A “Wonder”

“You can’t blend in when you were born to stand out”


My little brother when he was about 2 months old before his first surgery. His surgeon said that this was the widest cleft lip and palette he has seen.

Normally you would have a paper ticket when you walk into a movie theater, but for this particular night, it was bracelets with the phrase “choose kind” on them. On Nov. 15, at 6 p.m. I went to see “Wonder” with my family.

My brother’s plastic surgeon bought out an auditorium for his patients, all who have undergone cleft lip or palate surgeries. My brother has had six surgeries over the course of 10 years.

I started my night seeing so many of my brother’s surgeon’s patients. From left to right, I saw craniofacial kids that ranged from a year old to 18. I knew that there were many cleft lip patients, but I never have seen them first hand. I hadn’t realized there were so many kids like my brother.

Once everyone was in the theater, a speaker who just had his final surgery, Steven, spoke about his journey with Mercy Kids Hospital. He talked about how he was born with a bilateral cleft lip and his journey through the five surgeries he has had. He then talked about his most recent surgery, where they had to break his jaw in two places and wire his mouth shut for two weeks.

This is a surgery that my brother has to have when he is in high school, so I feel it prepared me more for my brother’s future experience, but also scared me because of Steven’s difficult recovery.

Afterwards,”Wonder” started.

Starring a fifth- grader named Auggie, born with several craniofacial defects, he had several surgeries to help him see, speak and hear. The movie is about his first day of public middle school, a big step considering he was homeschooled by his mom all his life. Nonetheless, he was finally ready to meet new kids and stop hiding under his astronaut helmet.

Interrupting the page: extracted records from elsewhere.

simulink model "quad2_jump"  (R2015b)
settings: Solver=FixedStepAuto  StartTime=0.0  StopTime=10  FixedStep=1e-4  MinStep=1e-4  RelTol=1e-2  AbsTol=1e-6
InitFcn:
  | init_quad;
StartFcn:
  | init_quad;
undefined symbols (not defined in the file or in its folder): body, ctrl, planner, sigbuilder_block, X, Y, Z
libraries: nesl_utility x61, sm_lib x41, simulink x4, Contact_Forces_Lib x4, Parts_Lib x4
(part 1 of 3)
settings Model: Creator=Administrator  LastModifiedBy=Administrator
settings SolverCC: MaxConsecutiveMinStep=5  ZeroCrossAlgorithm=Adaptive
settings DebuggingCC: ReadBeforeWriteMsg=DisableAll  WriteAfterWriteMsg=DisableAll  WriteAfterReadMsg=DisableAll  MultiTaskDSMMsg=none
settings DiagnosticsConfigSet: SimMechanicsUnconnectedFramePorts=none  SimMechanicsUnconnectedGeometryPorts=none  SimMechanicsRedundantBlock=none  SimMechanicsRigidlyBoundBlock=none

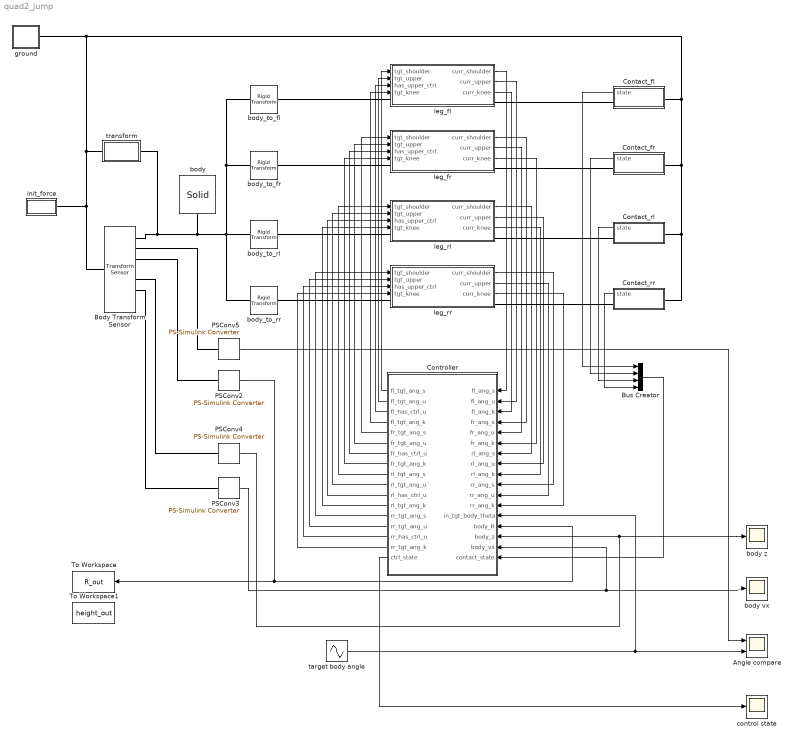
== system quad2_jump ==
  "Angle compare " : Scope  NumInputPorts=2
  Body Transform Sensor : sm_lib/Frames and Transforms/Transform Sensor  MeasurementFrame=World  SenseAngle=on  SenseAxis=off  SenseAngle1=off  SenseAngle2=off  SenseAngle3=off  SenseQ=off  SenseR=on  SenseOmegaX=off  SenseOmegaY=off  SenseOmegaZ=off  SenseOmega1=off  SenseOmega2=off  SenseOmega3=off  SenseQDot=off  SenseRDot=off  SenseAlphaX=off  SenseAlphaY=off  SenseAlphaZ=off  SenseAlpha1=off  SenseAlpha2=off  SenseAlpha3=off  SenseQDDot=off  SenseRDDot=off  SenseX=on  SenseY=off  SenseZ=on  SenseRad=off  SenseAzim=off  SenseDist=off  SenseInc=off  SenseXDot=on  SenseYDot=off  SenseZDot=on  SenseRadDot=off  SenseAzimDot=off  SenseDistDot=off  SenseIncDot=off  SenseXDDot=off  SenseYDDot=off  SenseZDDot=off  SenseRadDDot=off  SenseAzimDDot=off  SenseDistDDot=off  SenseIncDDot=off  BlockFunction=simmechanics.library.frames_transforms.transform_sensor
  Bus Creator : BusCreator  Inputs=4
  Contact_fl : Subsystem
  Contact_fr : Subsystem
  Contact_rl : Subsystem
  Contact_rr : Subsystem
  Controller : MATLAB Function  TreatAsAtomicUnit=on
  PSConv{2..5} (4 alike) : nesl_utility/PS-Simulink Converter  PhysicalDomain=network_engine_domain  SubClassName=ps_output  LeftPortType=input  RightPortType=output  PseudoPeriodic=off  Frequencies=[]  Unit=1  AffineConversion=off
  To Workspace : ToWorkspace  VariableName=R_out  SaveFormat=Structure With Time  SampleTime=-1
  To Workspace1 : ToWorkspace  VariableName=height_out  SaveFormat=Structure With Time  SampleTime=-1
  body : sm_lib/Body Elements/Solid  InertiaType=CalculateFromGeometry  Mass=8.6  MassUnits=kg  CenterOfMass=[0 0 0]  CenterOfMassUnits=m  MomentsOfInertia=[1 1 1]  MomentsOfInertiaUnits=kg*m^2  ProductsOfInertia=[0 0 0]  ProductsOfInertiaUnits=kg*m^2  DensityBased=on  Density=200  DensityUnits=kg/(m^3)  DoExposeReferenceFrame=on  SerializedFrames=<Frames><Frame><Id>Frame2</Id><Value><Name>force</Name><Origin><Source>GeometricFeature</Source><FeatureName>-x surface</FeatureName></Origin><PrimaryAxis><DefinedDirection>+Z</DefinedDirection><Source>ReferenceFrame</Source><SourceDirection>+Z</SourceDirection><FeatureName></FeatureName></PrimaryAxis><SecondaryAxis><DefinedDirection>+X</DefinedDirection><Source>ReferenceFrame</Source><SourceDirection>+X</SourceDirection><FeatureName></FeatureName></SecondaryAxis></Value></Frame></Frames>  GraphicType=FromGeometry  MarkerShape=Sphere  MarkerSize=10  GraphicVisPropType=SimpleVisualProperties  GraphicDiffuseColor=[1.0 0.0 0.2]  GraphicSpecularColor=[0.5 0.5 0.5 1.0]  GraphicAmbientColor=[0.15 0.15 0.15 1.0]  GraphicEmissiveColor=[0.0 0.0 0.0 1.0]  GraphicShininess=75  GraphicOpacity=1.0  GeometryShape=Brick  RectangleSize=[1 1]  RectangleSizeUnits=m  BrickDimensions=[0.6 0.3 0.15]  BrickDimensionUnits=m  CylinderRadius=1  CylinderRadiusUnits=m  CylinderLength=1  CylinderLengthUnits=m  SphereRadius=1  SphereRadiusUnits=m  EllipsoidRadii=[1 1 1]  EllipsoidRadiiUnits=m  ExtrusionCrossSection=[1 1; -1 1; -1 -1; 1 -1]  ExtrusionCrossSectionUnits=m  ExtrusionLength=1  ExtrusionLengthUnits=m  PolygonNumSides=3  PolygonOuterRadius=1  PolygonOuterRadiusUnits=m  ExtGeomFileType=STL  ExtGeomFileUnits=m  RevolutionCrossSection=[1 1; 1 -1; 2 -1; 2 1]  RevolutionCrossSectionUnits=m  RevolutionExtent=Full  RevolutionAngle=180  RevolutionAngleUnits=deg  BlockFunction=simmechanics.library.body_elements.solid
  "body vx " : Scope
  body z : Scope
  body_to_fl : sm_lib/Frames and Transforms/Rigid Transform  TranslationMethod=Cartesian  TranslationLengthUnit=m  TranslationStandardAxis=+Z  TranslationStandardOffset=0  TranslationCartesianOffset=[0.2 0.15+0.035 0]  TranslationROffset=0  TranslationROffsetUnits=m  TranslationZOffset=0  TranslationZOffsetUnits=m  TranslationThetaOffset=0  TranslationThetaOffsetUnits=deg  RotationMethod=AlignedAxes  RotationAngleUnits=deg  RotationStandardAxis=+Z  RotationAngle=0.0  RotationArbitraryAxis=[0 0 1]  FollAlignAxisA=+Z  BaseAlignAxisA=+X  FollAlignAxisB=+X  BaseAlignAxisB=-Z  RotationSequenceAxes=FollowerAxes  RotationSequence=XYX  RotationSequenceAngles=[0 0 0]  RotationSequenceAnglesUnits=deg  RotationMatrix=[1 0 0; 0 1 0; 0 0 1]  BlockFunction=simmechanics.library.frames_transforms.rigid_transform
  body_to_fr : sm_lib/Frames and Transforms/Rigid Transform  TranslationMethod=Cartesian  TranslationLengthUnit=m  TranslationStandardAxis=+Z  TranslationStandardOffset=0  TranslationCartesianOffset=[0.2 -0.15-0.035 0]  TranslationROffset=0  TranslationROffsetUnits=m  TranslationZOffset=0  TranslationZOffsetUnits=m  TranslationThetaOffset=0  TranslationThetaOffsetUnits=deg  RotationMethod=AlignedAxes  RotationAngleUnits=deg  RotationStandardAxis=+Z  RotationAngle=0.0  RotationArbitraryAxis=[0 0 1]  FollAlignAxisA=+Z  BaseAlignAxisA=+X  FollAlignAxisB=+X  BaseAlignAxisB=-Z  RotationSequenceAxes=FollowerAxes  RotationSequence=XYX  RotationSequenceAngles=[0 0 0]  RotationSequenceAnglesUnits=deg  RotationMatrix=[1 0 0; 0 1 0; 0 0 1]  BlockFunction=simmechanics.library.frames_transforms.rigid_transform
  body_to_rl : sm_lib/Frames and Transforms/Rigid Transform  TranslationMethod=Cartesian  TranslationLengthUnit=m  TranslationStandardAxis=+Z  TranslationStandardOffset=0  TranslationCartesianOffset=[-0.2 0.15+0.035 0]  TranslationROffset=0  TranslationROffsetUnits=m  TranslationZOffset=0  TranslationZOffsetUnits=m  TranslationThetaOffset=0  TranslationThetaOffsetUnits=deg  RotationMethod=AlignedAxes  RotationAngleUnits=deg  RotationStandardAxis=+Z  RotationAngle=0.0  RotationArbitraryAxis=[0 0 1]  FollAlignAxisA=+Z  BaseAlignAxisA=+X  FollAlignAxisB=+X  BaseAlignAxisB=-Z  RotationSequenceAxes=FollowerAxes  RotationSequence=XYX  RotationSequenceAngles=[0 0 0]  RotationSequenceAnglesUnits=deg  RotationMatrix=[1 0 0; 0 1 0; 0 0 1]  BlockFunction=simmechanics.library.frames_transforms.rigid_transform
  body_to_rr : sm_lib/Frames and Transforms/Rigid Transform  TranslationMethod=Cartesian  TranslationLengthUnit=m  TranslationStandardAxis=+Z  TranslationStandardOffset=0  TranslationCartesianOffset=[-0.2 -0.15-0.035 0]  TranslationROffset=0  TranslationROffsetUnits=m  TranslationZOffset=0  TranslationZOffsetUnits=m  TranslationThetaOffset=0  TranslationThetaOffsetUnits=deg  RotationMethod=AlignedAxes  RotationAngleUnits=deg  RotationStandardAxis=+Z  RotationAngle=0.0  RotationArbitraryAxis=[0 0 1]  FollAlignAxisA=+Z  BaseAlignAxisA=+X  FollAlignAxisB=+X  BaseAlignAxisB=-Z  RotationSequenceAxes=FollowerAxes  RotationSequence=XYX  RotationSequenceAngles=[0 0 0]  RotationSequenceAnglesUnits=deg  RotationMatrix=[1 0 0; 0 1 0; 0 0 1]  BlockFunction=simmechanics.library.frames_transforms.rigid_transform
  "control state " : Scope
  ground : Subsystem
  init_force : Subsystem
  leg_fl : Subsystem
  leg_fr : Subsystem
  leg_rl : Subsystem
  leg_rr : Subsystem
  "target body angle " : Sin  Amplitude=15*pi/180  Frequency=3  SampleTime=0
  transform : Subsystem
  wires:
  PSConv2/1 -> Controller/14(body_R), To Workspace/1
  leg_fl/1(curr_shoulder) -> Controller/1(fl_ang_s)
  leg_fl/2("curr_upper ") -> Controller/2(fl_ang_u)
  leg_fl/3(curr_knee) -> Controller/3(fl_ang_k)
  leg_fr/1(curr_shoulder) -> Controller/4(fr_ang_s)
  leg_fr/2("curr_upper ") -> Controller/5(fr_ang_u)
  leg_fr/3(curr_knee) -> Controller/6(fr_ang_k)
  leg_rl/1(curr_shoulder) -> Controller/7(rl_ang_s)
  leg_rl/2("curr_upper ") -> Controller/8(rl_ang_u)
  leg_rl/3(curr_knee) -> Controller/9(rl_ang_k)
  leg_rr/1(curr_shoulder) -> Controller/10(rr_ang_s)
  leg_rr/2("curr_upper ") -> Controller/11(rr_ang_u)
  leg_rr/3(curr_knee) -> Controller/12(rr_ang_k)
  PSConv4/1 -> body z/1, Controller/15(body_z)
  PSConv3/1 -> Controller/16(body_vx), "body vx "/1
  Controller/1(fl_tgt_ang_s) -> leg_fl/1(tgt_shoulder)
  Controller/2(fl_tgt_ang_u) -> leg_fl/2(tgt_upper)
  Controller/3(fl_has_ctrl_u) -> leg_fl/3(has_upper_ctrl)
  Controller/4(fl_tgt_ang_k) -> leg_fl/4(tgt_knee)
  Controller/5(fr_tgt_ang_s) -> leg_fr/1(tgt_shoulder)
  Controller/6(fr_tgt_ang_u) -> leg_fr/2(tgt_upper)
  Controller/7(fr_has_ctrl_u) -> leg_fr/3(has_upper_ctrl)
  Controller/8(fr_tgt_ang_k) -> leg_fr/4(tgt_knee)
  Controller/9(rl_tgt_ang_s) -> leg_rl/1(tgt_shoulder)
  Controller/10(rl_tgt_ang_u) -> leg_rl/2(tgt_upper)
  Controller/11(rl_has_ctrl_u) -> leg_rl/3(has_upper_ctrl)
  Controller/12(rl_tgt_ang_k) -> leg_rl/4(tgt_knee)
  Controller/13(rr_tgt_ang_s) -> leg_rr/1(tgt_shoulder)
  Controller/14(rr_tgt_ang_u) -> leg_rr/2(tgt_upper)
  Controller/15(rr_has_ctrl_u) -> leg_rr/3(has_upper_ctrl)
  Controller/16(rr_tgt_ang_k) -> leg_rr/4(tgt_knee)
  Bus Creator/1 -> Controller/17(contact_state)
  Contact_fl/1(state) -> Bus Creator/1
  Contact_fr/1(state) -> Bus Creator/2
  Contact_rl/1(state) -> Bus Creator/3
  Contact_rr/1(state) -> Bus Creator/4
  "target body angle "/1 -> Controller/13(in_tgt_body_theta), "Angle compare "/2
  PSConv5/1 -> "Angle compare "/1
  Controller/17(ctrl_state) -> "control state "/1
  connections:
  ground/RConn1 -- Contact_rr/LConn1 -- Contact_rl/LConn1 -- Contact_fr/LConn1 -- Contact_fl/LConn1 -- transform/RConn1 -- Body Transform Sensor/LConn1 -- init_force/LConn1
  transform/LConn1 -- body_to_fr/LConn1 -- body_to_fl/LConn1 -- body_to_rl/LConn1 -- body_to_rr/LConn1 -- body/RConn1 -- Body Transform Sensor/RConn1
  leg_rl/RConn1 -- Contact_rl/RConn1
  body_to_rl/RConn1 -- leg_rl/LConn1
  leg_rr/RConn1 -- Contact_rr/RConn1
  body_to_rr/RConn1 -- leg_rr/LConn1
  leg_fr/RConn1 -- Contact_fr/RConn1
  Contact_fl/RConn1 -- leg_fl/RConn1
  body_to_fl/RConn1 -- leg_fl/LConn1
  body_to_fr/RConn1 -- leg_fr/LConn1
  Body Transform Sensor/RConn3 -- PSConv2/LConn1
  PSConv4/LConn1 -- Body Transform Sensor/RConn5
  PSConv3/LConn1 -- Body Transform Sensor/RConn6
  PSConv5/LConn1 -- Body Transform Sensor/RConn2

== system quad2_jump/Contact_fl ==
  note: state 4 166.31ms
  note: 这是一个蛋疼的处理，因为地面现在厚度是0.4，为了和碰撞的block要求匹配，所以碰撞是相对于这个地面的中心来算的。而检测高度的时候就要把这个厚度减掉
      | 但是Transform sensor要检测的是球和地面的高度差
  Bus Selector : BusSelector  OutputSignals=Normal Force,Frame Sep,Friction Force
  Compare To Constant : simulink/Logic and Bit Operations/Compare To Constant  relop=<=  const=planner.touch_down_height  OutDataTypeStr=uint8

He goes through the movie struggling to make friends because all the kids make fun of him or are scared of him, because he looks so different. Just like my brother, who looks so different.

All throughout the movie I was in tears, it made me worry because while my brother is only in elementary school, does this mean my brother is going to have a hard time with bullies once he is in middle school?

The movie covered every angle imaginable, from several of the characters’ perspectives on Auggie. The perspective that hit me hardest was the older sister. She didn’t get as much attention because the parents were always focused on Auggie, and his surgeries and worried that he would get hurt. The sister felt left out and forgotten, and for some time, I felt that way too.

When the older sister, Via, said “You can’t blend in when you were born to stand out” to Auggie, I was captivated. My tears were unstoppable. This meant so much to me because I have always told my brother he doesn’t need to look like everybody else and it is okay to be different.

After a while, my brother finally felt better about himself and bragged about how he has “a million dollar mouth.”

This movie and event made me realize that my brother wasn’t the only one born extraordinary. Many children are born with craniofacial defects and go through several if not tons of surgeries, and sometimes still not look what society calls “normal”.

I highly encourage others to see this film, especially kids, because so many aren’t educated or aware of craniofacial diagnoses and don’t know why some kids don’t look “normal.”